Records from a dataset:
___

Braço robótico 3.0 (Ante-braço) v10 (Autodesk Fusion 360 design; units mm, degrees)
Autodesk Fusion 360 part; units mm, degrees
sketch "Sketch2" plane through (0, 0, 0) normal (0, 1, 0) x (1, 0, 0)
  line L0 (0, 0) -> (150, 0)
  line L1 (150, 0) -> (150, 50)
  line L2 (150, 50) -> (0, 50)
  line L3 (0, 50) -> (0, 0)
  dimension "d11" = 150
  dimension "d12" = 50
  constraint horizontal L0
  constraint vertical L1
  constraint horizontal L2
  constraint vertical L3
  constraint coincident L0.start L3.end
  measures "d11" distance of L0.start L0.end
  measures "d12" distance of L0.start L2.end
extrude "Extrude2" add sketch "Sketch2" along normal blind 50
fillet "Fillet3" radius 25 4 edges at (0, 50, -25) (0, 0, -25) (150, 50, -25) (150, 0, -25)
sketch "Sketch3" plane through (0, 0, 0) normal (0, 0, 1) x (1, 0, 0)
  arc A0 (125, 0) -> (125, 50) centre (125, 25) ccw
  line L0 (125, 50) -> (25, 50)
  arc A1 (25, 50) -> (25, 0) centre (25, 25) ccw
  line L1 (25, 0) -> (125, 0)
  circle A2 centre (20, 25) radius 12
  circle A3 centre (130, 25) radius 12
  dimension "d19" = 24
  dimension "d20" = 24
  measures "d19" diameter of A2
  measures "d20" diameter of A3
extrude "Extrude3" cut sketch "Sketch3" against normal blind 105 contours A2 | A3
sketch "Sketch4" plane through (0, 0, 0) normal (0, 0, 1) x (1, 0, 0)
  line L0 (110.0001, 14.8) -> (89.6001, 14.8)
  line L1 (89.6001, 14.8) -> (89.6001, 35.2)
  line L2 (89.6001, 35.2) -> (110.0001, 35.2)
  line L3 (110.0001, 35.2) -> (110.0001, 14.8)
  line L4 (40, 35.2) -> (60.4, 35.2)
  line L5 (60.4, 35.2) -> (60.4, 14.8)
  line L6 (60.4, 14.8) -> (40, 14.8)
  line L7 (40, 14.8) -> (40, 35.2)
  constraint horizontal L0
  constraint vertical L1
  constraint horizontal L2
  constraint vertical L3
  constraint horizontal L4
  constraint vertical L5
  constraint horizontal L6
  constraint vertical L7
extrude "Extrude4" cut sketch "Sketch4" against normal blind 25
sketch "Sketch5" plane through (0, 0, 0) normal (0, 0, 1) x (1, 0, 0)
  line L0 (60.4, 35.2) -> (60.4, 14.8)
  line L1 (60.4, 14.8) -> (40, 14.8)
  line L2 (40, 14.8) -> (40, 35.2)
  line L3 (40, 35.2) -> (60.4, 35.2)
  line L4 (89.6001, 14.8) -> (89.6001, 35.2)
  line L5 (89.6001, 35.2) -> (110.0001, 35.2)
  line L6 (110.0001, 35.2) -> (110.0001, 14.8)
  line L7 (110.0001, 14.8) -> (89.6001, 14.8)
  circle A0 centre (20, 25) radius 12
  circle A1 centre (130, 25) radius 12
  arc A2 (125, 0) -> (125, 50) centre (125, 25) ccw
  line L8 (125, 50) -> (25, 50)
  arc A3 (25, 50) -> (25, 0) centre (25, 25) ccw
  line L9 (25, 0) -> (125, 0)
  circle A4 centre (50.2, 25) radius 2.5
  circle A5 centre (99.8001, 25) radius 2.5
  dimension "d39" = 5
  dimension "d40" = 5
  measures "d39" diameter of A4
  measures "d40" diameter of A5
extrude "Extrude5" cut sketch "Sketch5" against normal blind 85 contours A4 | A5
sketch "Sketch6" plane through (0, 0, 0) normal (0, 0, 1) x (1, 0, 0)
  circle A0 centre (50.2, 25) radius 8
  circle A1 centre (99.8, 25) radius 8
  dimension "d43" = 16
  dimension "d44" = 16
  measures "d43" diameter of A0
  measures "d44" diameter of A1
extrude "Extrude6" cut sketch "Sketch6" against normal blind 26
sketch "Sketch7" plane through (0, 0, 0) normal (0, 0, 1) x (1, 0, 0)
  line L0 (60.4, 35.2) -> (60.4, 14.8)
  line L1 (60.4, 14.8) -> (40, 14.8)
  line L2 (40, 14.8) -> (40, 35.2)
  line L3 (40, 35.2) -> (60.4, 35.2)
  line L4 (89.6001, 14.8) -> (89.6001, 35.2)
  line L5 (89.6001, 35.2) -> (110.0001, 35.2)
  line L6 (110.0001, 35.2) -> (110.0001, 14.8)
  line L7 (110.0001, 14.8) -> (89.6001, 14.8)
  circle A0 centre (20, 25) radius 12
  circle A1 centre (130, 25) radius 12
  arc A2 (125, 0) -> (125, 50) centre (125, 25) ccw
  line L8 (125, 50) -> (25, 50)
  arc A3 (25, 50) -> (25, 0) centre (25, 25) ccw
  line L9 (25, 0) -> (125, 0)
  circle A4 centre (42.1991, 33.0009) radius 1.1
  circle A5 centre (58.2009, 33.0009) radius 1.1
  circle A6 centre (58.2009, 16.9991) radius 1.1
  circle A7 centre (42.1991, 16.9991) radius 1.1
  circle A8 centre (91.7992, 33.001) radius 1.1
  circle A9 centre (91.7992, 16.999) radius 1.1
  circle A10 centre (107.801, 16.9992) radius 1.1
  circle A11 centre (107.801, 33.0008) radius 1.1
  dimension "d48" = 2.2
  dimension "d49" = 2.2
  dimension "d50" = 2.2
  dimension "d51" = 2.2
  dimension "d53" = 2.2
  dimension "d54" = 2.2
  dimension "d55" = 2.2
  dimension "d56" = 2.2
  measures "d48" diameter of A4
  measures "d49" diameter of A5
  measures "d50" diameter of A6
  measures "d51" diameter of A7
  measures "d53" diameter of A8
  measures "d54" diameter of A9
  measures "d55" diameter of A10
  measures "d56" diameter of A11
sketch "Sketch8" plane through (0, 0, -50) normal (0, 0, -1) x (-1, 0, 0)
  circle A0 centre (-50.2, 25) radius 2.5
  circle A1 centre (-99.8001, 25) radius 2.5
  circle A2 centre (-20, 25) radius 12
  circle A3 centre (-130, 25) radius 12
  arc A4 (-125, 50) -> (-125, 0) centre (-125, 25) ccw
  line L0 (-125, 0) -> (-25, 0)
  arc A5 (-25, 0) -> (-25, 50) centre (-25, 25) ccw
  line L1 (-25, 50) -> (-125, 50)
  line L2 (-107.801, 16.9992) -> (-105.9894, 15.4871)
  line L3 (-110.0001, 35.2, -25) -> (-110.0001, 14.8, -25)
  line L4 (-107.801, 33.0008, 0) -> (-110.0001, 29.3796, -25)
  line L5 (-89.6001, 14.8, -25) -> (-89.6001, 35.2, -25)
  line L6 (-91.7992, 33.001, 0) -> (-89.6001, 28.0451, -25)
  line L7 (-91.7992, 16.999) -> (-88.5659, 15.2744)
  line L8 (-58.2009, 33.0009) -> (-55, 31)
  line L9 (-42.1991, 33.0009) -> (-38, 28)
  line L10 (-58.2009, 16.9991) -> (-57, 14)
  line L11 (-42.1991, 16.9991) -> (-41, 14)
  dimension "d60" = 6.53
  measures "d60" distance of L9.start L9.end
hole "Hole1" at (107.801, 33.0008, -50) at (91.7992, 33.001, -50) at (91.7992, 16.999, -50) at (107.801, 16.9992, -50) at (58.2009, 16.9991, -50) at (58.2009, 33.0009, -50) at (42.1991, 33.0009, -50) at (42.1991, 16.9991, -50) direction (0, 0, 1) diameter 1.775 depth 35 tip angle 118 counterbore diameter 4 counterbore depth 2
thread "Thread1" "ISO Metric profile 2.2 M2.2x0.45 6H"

___

For this exercise, please output exactly the lines above starting at the line with "of L0.start L0.end" and ending at the line with "diameter of A3", ends included.

  measures "d11" distance of L0.start L0.end
  measures "d12" distance of L0.start L2.end
extrude "Extrude2" add sketch "Sketch2" along normal blind 50
fillet "Fillet3" radius 25 4 edges at (0, 50, -25) (0, 0, -25) (150, 50, -25) (150, 0, -25)
sketch "Sketch3" plane through (0, 0, 0) normal (0, 0, 1) x (1, 0, 0)
  arc A0 (125, 0) -> (125, 50) centre (125, 25) ccw
  line L0 (125, 50) -> (25, 50)
  arc A1 (25, 50) -> (25, 0) centre (25, 25) ccw
  line L1 (25, 0) -> (125, 0)
  circle A2 centre (20, 25) radius 12
  circle A3 centre (130, 25) radius 12
  dimension "d19" = 24
  dimension "d20" = 24
  measures "d19" diameter of A2
  measures "d20" diameter of A3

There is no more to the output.